** Exercise description **
Go to the line holding "Gain5 : Gain" in the entries below and write out exactly every line down to and including the line holding "Plant es : Subsystem".

::: Source records

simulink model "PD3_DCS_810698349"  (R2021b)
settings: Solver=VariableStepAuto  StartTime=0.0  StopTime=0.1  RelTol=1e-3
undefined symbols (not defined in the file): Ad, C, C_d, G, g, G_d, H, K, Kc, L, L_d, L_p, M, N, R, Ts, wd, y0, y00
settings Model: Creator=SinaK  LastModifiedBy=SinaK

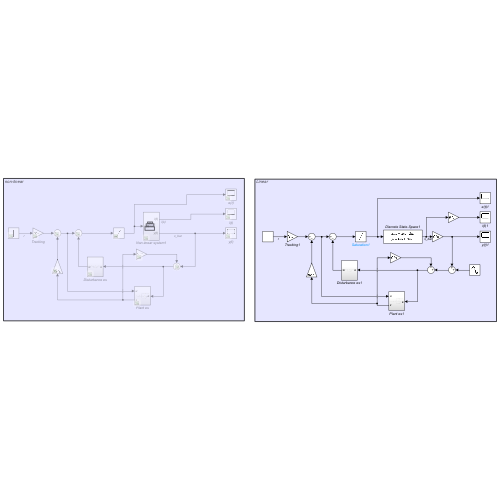
[thumbnail: Simulink's stored preview of the top-level diagram]
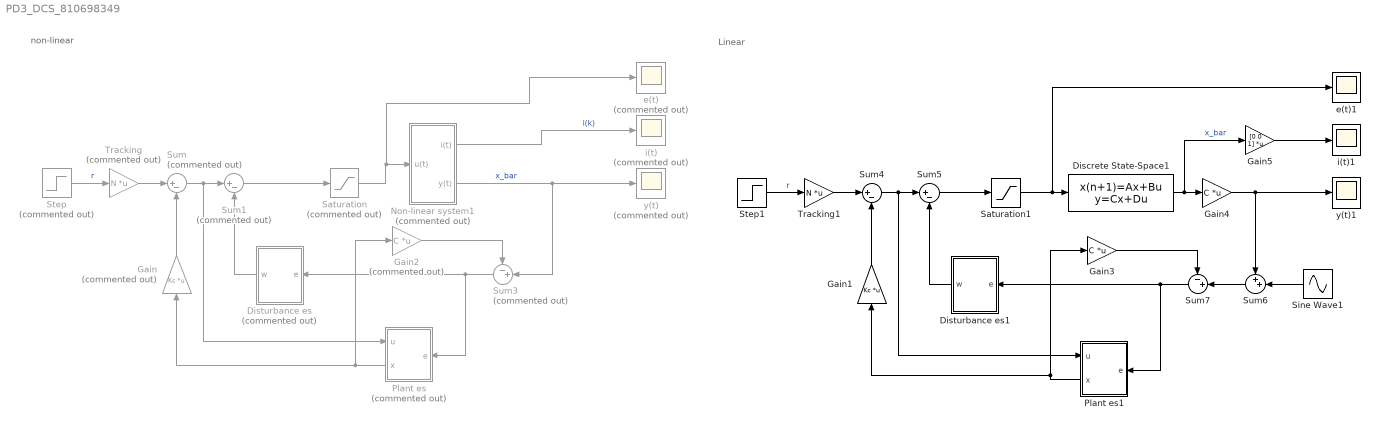
== system PD3_DCS_810698349 ==
  note: Linear
  note: non-linear
  Discrete State-Space1 : DiscreteStateSpace  A=G  B=H  C=eye(3)  D=[0;0;0]  InitialCondition=[y00 0 0]  SampleTime=Ts
  Disturbance es : Subsystem  Commented=on
      settings: PortSchema="{\"entries\":[{\"content\":{\"sides\":[{\"content\":{\"connectorIds\":[\"Out1\"]},\"type\":\"ConnectorPlacement.EquallySpacedRectSide\",\"uuid\":\"7dd2fe88-ba23-450d-b62f-d7570c7d4a9a\"},{\"content\":{\"connectorIds\":[\"In1\"],\"side\":\"RIGHT\"},\"type\":\"ConnectorPlacement.EquallySpacedRectSide\",\"uuid\":\"0a4220da-270b-4baa-869a-0910f399fc2e\"},{\"content\":{\"connectorIds\":[],\"side\":\"TOP\"},\"type\":\"ConnectorPlacement.EquallySpacedRectSide\",\"uuid\":\"bb1cd4e3-8afb-4066-b34f-6b8e4218f629\"}]},\"type\":\"ConnectorPlacement.EquallySpacedConnector\",\"uuid\":\"247f8fe5-253d-4e7a-bc0a-d05e429903fb\"}],\"packageUris\":[\"http://schema.mathworks.com/mf0/Connector/R2020b\"],\"version\":\"1.0\"}"
  Disturbance es1 : Subsystem
      settings: PortSchema="{\"entries\":[{\"content\":{\"sides\":[{\"content\":{\"connectorIds\":[\"Out1\"]},\"type\":\"ConnectorPlacement.EquallySpacedRectSide\",\"uuid\":\"7dd2fe88-ba23-450d-b62f-d7570c7d4a9a\"},{\"content\":{\"connectorIds\":[\"In1\"],\"side\":\"RIGHT\"},\"type\":\"ConnectorPlacement.EquallySpacedRectSide\",\"uuid\":\"0a4220da-270b-4baa-869a-0910f399fc2e\"},{\"content\":{\"connectorIds\":[],\"side\":\"TOP\"},\"type\":\"ConnectorPlacement.EquallySpacedRectSide\",\"uuid\":\"bb1cd4e3-8afb-4066-b34f-6b8e4218f629\"}]},\"type\":\"ConnectorPlacement.EquallySpacedConnector\",\"uuid\":\"247f8fe5-253d-4e7a-bc0a-d05e429903fb\"}],\"packageUris\":[\"http://schema.mathworks.com/mf0/Connector/R2020b\"],\"version\":\"1.0\"}"
  Gain : Gain  Commented=on  Gain=Kc  Multiplication=Matrix(K*u)
  Gain1 : Gain  Gain=Kc  Multiplication=Matrix(K*u)
  Gain2 : Gain  Commented=on  Gain=C  Multiplication=Matrix(K*u)
  Gain3 : Gain  Gain=C  Multiplication=Matrix(K*u)
  Gain4 : Gain  Gain=C  Multiplication=Matrix(K*u)
  Gain5 : Gain  Gain=[0 0 1]  Multiplication=Matrix(K*u)
  Non-linear system1 : Subsystem  Commented=on
  Plant es : Subsystem  Commented=on
      settings: PortSchema="{\"entries\":[{\"content\":{\"sides\":[{\"content\":{\"connectorIds\":[\"In1\",\"Out1\"]},\"type\":\"ConnectorPlacement.EquallySpacedRectSide\",\"uuid\":\"314f560e-5b7f-4e5c-b02d-8249f7ba5ae3\"},{\"content\":{\"connectorIds\":[\"In2\"],\"side\":\"RIGHT\"},\"type\":\"ConnectorPlacement.EquallySpacedRectSide\",\"uuid\":\"7b9ed6a2-80f4-4af4-bb8e-da5172d833a4\"},{\"content\":{\"connectorIds\":[],\"side\":\"TOP\"},\"type\":\"ConnectorPlacement.EquallySpacedRectSide\",\"uuid\":\"b6b0ea98-fd65-4c0a-95e2-ca3e605f4d55\"}]},\"type\":\"ConnectorPlacement.EquallySpacedConnector\",\"uuid\":\"1548adc4-d2fc-42af-9b44-933c6ce86982\"}],\"packageUris\":[\"http://schema.mathworks.com/mf0/Connector/R2020b\"],\"version\":\"1.0\"}"
  Plant es1 : Subsystem
      settings: PortSchema="{\"entries\":[{\"content\":{\"sides\":[{\"content\":{\"connectorIds\":[\"In1\",\"Out1\"]},\"type\":\"ConnectorPlacement.EquallySpacedRectSide\",\"uuid\":\"314f560e-5b7f-4e5c-b02d-8249f7ba5ae3\"},{\"content\":{\"connectorIds\":[\"In2\"],\"side\":\"RIGHT\"},\"type\":\"ConnectorPlacement.EquallySpacedRectSide\",\"uuid\":\"7b9ed6a2-80f4-4af4-bb8e-da5172d833a4\"},{\"content\":{\"connectorIds\":[],\"side\":\"TOP\"},\"type\":\"ConnectorPlacement.EquallySpacedRectSide\",\"uuid\":\"b6b0ea98-fd65-4c0a-95e2-ca3e605f4d55\"}]},\"type\":\"ConnectorPlacement.EquallySpacedConnector\",\"uuid\":\"1548adc4-d2fc-42af-9b44-933c6ce86982\"}],\"packageUris\":[\"http://schema.mathworks.com/mf0/Connector/R2020b\"],\"version\":\"1.0\"}"
  Saturation : Saturate  Commented=on  UpperLimit=12  LowerLimit=0
  Saturation1 : Saturate  UpperLimit=12  LowerLimit=0
  Sine Wave1 : Sin  Amplitude=Ad/M  Frequency=wd  SampleTime=Ts
  Step : Step  Commented=on  Time=0  After=y0  SampleTime=Ts
  Step1 : Step  Time=0  After=y0  SampleTime=Ts
  Sum : Sum  Commented=on  Inputs=|+-
  Sum1 : Sum  Commented=on  Inputs=|+-
  Sum3 : Sum  Commented=on  Inputs=-+|
  Sum4 : Sum  Inputs=|+-
  Sum5 : Sum  Inputs=|+-
  Sum6 : Sum  Inputs=++|
  Sum7 : Sum  Inputs=-+|
  Tracking : Gain  Commented=on  Gain=N  Multiplication=Matrix(K*u)
  Tracking1 : Gain  Gain=N  Multiplication=Matrix(K*u)
  e(t) : Scope  Commented=on
  e(t)1 : Scope
  i(t) : Scope  Commented=on
  i(t)1 : Scope
  y(t) : Scope  Commented=on
  y(t)1 : Scope
  wires:
  Step/1 -> Tracking/1  "r"
  Tracking/1 -> Sum/1
  Sum/1 -> Plant es/1(u), Sum1/1
  Non-linear system1/2(y(t)) -> y(t)/1, Sum3/2  "x_bar"
  Gain/1 -> Sum/2
  Plant es/1(x) -> Gain2/1, Gain/1
  Disturbance es/1(w) -> Sum1/2
  Sum3/1 -> Disturbance es/1(e), Plant es/2(e)
  Gain2/1 -> Sum3/1
  Saturation/1 -> e(t)/1, Non-linear system1/1(u(t))
  Sum1/1 -> Saturation/1
  Non-linear system1/1(i(t)) -> i(t)/1  "i(k)"
  Sum4/1 -> Plant es1/1(u), Sum5/1
  Step1/1 -> Tracking1/1  "r"
  Gain3/1 -> Sum7/1
  Gain1/1 -> Sum4/2
  Tracking1/1 -> Sum4/1
  Sum7/1 -> Disturbance es1/1(e), Plant es1/2(e)
  Plant es1/1(x) -> Gain3/1, Gain1/1
  Disturbance es1/1(w) -> Sum5/2
  Saturation1/1 -> e(t)1/1, Discrete State-Space1/1
  Sum5/1 -> Saturation1/1
  Discrete State-Space1/1 -> Gain5/1, Gain4/1  "x_bar"
  Gain4/1 -> Sum6/1, y(t)1/1
  Gain5/1 -> i(t)1/1
  Sum6/1 -> Sum7/2
  Sine Wave1/1 -> Sum6/2

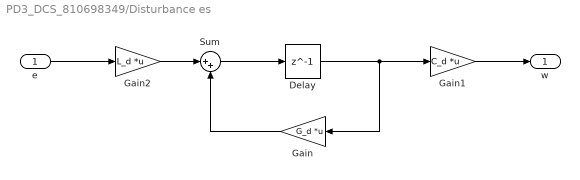
== system PD3_DCS_810698349/Disturbance es ==
  e : Inport
  Delay : Delay  DelayLength=1  SampleTime=Ts
  Gain : Gain  Gain=G_d  Multiplication=Matrix(K*u)
  Gain1 : Gain  Gain=C_d  Multiplication=Matrix(K*u)
  Gain2 : Gain  Gain=L_d  Multiplication=Matrix(K*u)
  Sum : Sum  Inputs=|++
  w : Outport
  wires:
  Sum/1 -> Delay/1
  Gain/1 -> Sum/2
  Delay/1 -> Gain1/1, Gain/1
  Gain1/1 -> w/1
  Gain2/1 -> Sum/1
  e/1 -> Gain2/1

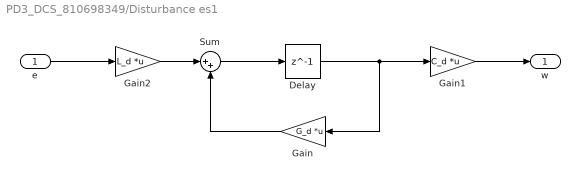
== system PD3_DCS_810698349/Disturbance es1 ==
  e : Inport
  Delay : Delay  DelayLength=1  SampleTime=Ts
  Gain : Gain  Gain=G_d  Multiplication=Matrix(K*u)
  Gain1 : Gain  Gain=C_d  Multiplication=Matrix(K*u)
  Gain2 : Gain  Gain=L_d  Multiplication=Matrix(K*u)
  Sum : Sum  Inputs=|++
  w : Outport
  wires:
  Sum/1 -> Delay/1
  Gain/1 -> Sum/2
  Delay/1 -> Gain1/1, Gain/1
  Gain1/1 -> w/1
  Gain2/1 -> Sum/1
  e/1 -> Gain2/1

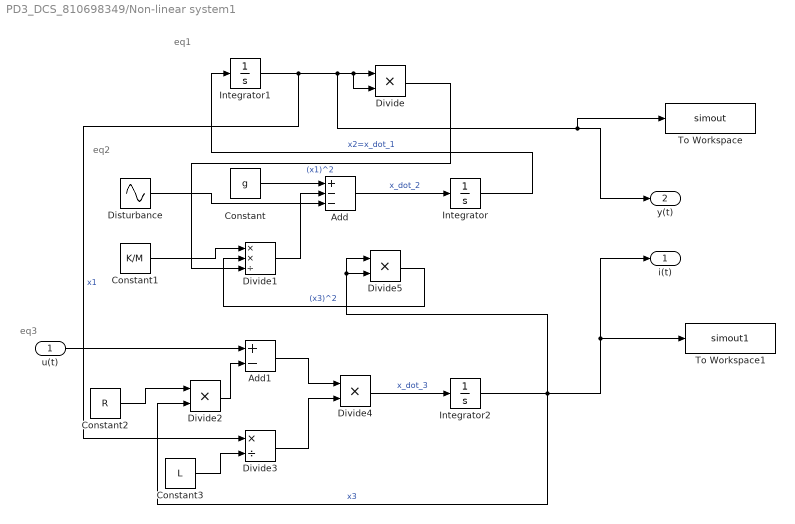
== system PD3_DCS_810698349/Non-linear system1 ==
  note: eq1
  note: eq2
  note: eq3
  u(t) : Inport
  Add : Sum  Inputs=+--
  Add1 : Sum  Inputs=+-
  Constant : Constant  Value=g  SampleTime=Ts
  Constant1 : Constant  Value=K/M  SampleTime=Ts
  Constant2 : Constant  Value=R  SampleTime=Ts
  Constant3 : Constant  Value=L  SampleTime=Ts
  Disturbance : Sin  Amplitude=Ad/M  Frequency=wd  SampleTime=Ts
  Divide{,2,4..5} (4 alike) : Product  Inputs=**
  Divide1 : Product  Inputs=**/
  Divide3 : Product  Inputs=*/
  Integrator : Integrator
  Integrator1 : Integrator  InitialCondition=y00
  Integrator2 : Integrator
  To Workspace : ToWorkspace  VariableName=simout  SaveFormat=Timeseries  SampleTime=-1
      settings: Decimation=3
  To Workspace1 : ToWorkspace  VariableName=simout1  SaveFormat=Timeseries  SampleTime=-1
      settings: Decimation=3
  i(t) : Outport
  y(t) : Outport  Port=2
  wires:
  Add/1 -> Integrator/1  "x_dot_2"
  Divide/1 -> Divide1/3  "(x1)^2"
  Integrator/1 -> Integrator1/1  "x2=x_dot_1"
  Integrator2/1 -> i(t)/1, To Workspace1/1, Divide5/1, Divide5/2, Divide2/2  "x3"
  Divide1/1 -> Add/2
  Add1/1 -> Divide4/1
  Constant3/1 -> Divide3/2
  Constant2/1 -> Divide2/1
  Divide5/1 -> Divide1/2  "(x3)^2"
  Integrator1/1 -> Divide3/1, To Workspace/1, y(t)/1, Divide/2, Divide/1  "x1"
  Divide4/1 -> Integrator2/1  "x_dot_3"
  Constant1/1 -> Divide1/1
  Constant/1 -> Add/1
  Divide3/1 -> Divide4/2
  Divide2/1 -> Add1/2
  u(t)/1 -> Add1/1
  Disturbance/1 -> Add/3

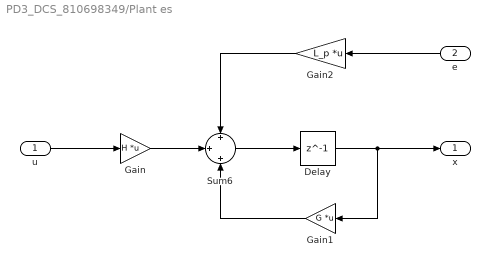
== system PD3_DCS_810698349/Plant es ==
  u : Inport
  e : Inport  Port=2
  Delay : Delay  DelayLength=1  SampleTime=Ts
  Gain : Gain  Gain=H  Multiplication=Matrix(K*u)
  Gain1 : Gain  Gain=G  Multiplication=Matrix(K*u)
  Gain2 : Gain  Gain=L_p  Multiplication=Matrix(K*u)
  Sum6 : Sum  Inputs=+|+|+
  x : Outport
  wires:
  Gain/1 -> Sum6/2
  Sum6/1 -> Delay/1
  Gain1/1 -> Sum6/3
  Delay/1 -> x/1, Gain1/1
  Gain2/1 -> Sum6/1
  e/1 -> Gain2/1
  u/1 -> Gain/1

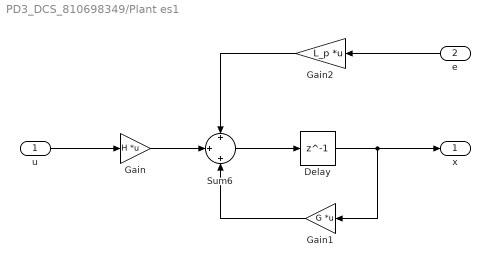
== system PD3_DCS_810698349/Plant es1 ==
  u : Inport
  e : Inport  Port=2
  Delay : Delay  DelayLength=1  SampleTime=Ts
  Gain : Gain  Gain=H  Multiplication=Matrix(K*u)
  Gain1 : Gain  Gain=G  Multiplication=Matrix(K*u)
  Gain2 : Gain  Gain=L_p  Multiplication=Matrix(K*u)
  Sum6 : Sum  Inputs=+|+|+
  x : Outport
  wires:
  Gain/1 -> Sum6/2
  Sum6/1 -> Delay/1
  Gain1/1 -> Sum6/3
  Delay/1 -> x/1, Gain1/1
  Gain2/1 -> Sum6/1
  e/1 -> Gain2/1
  u/1 -> Gain/1

::::::

** Solved problem **
  Gain5 : Gain  Gain=[0 0 1]  Multiplication=Matrix(K*u)
  Non-linear system1 : Subsystem  Commented=on
  Plant es : Subsystem  Commented=on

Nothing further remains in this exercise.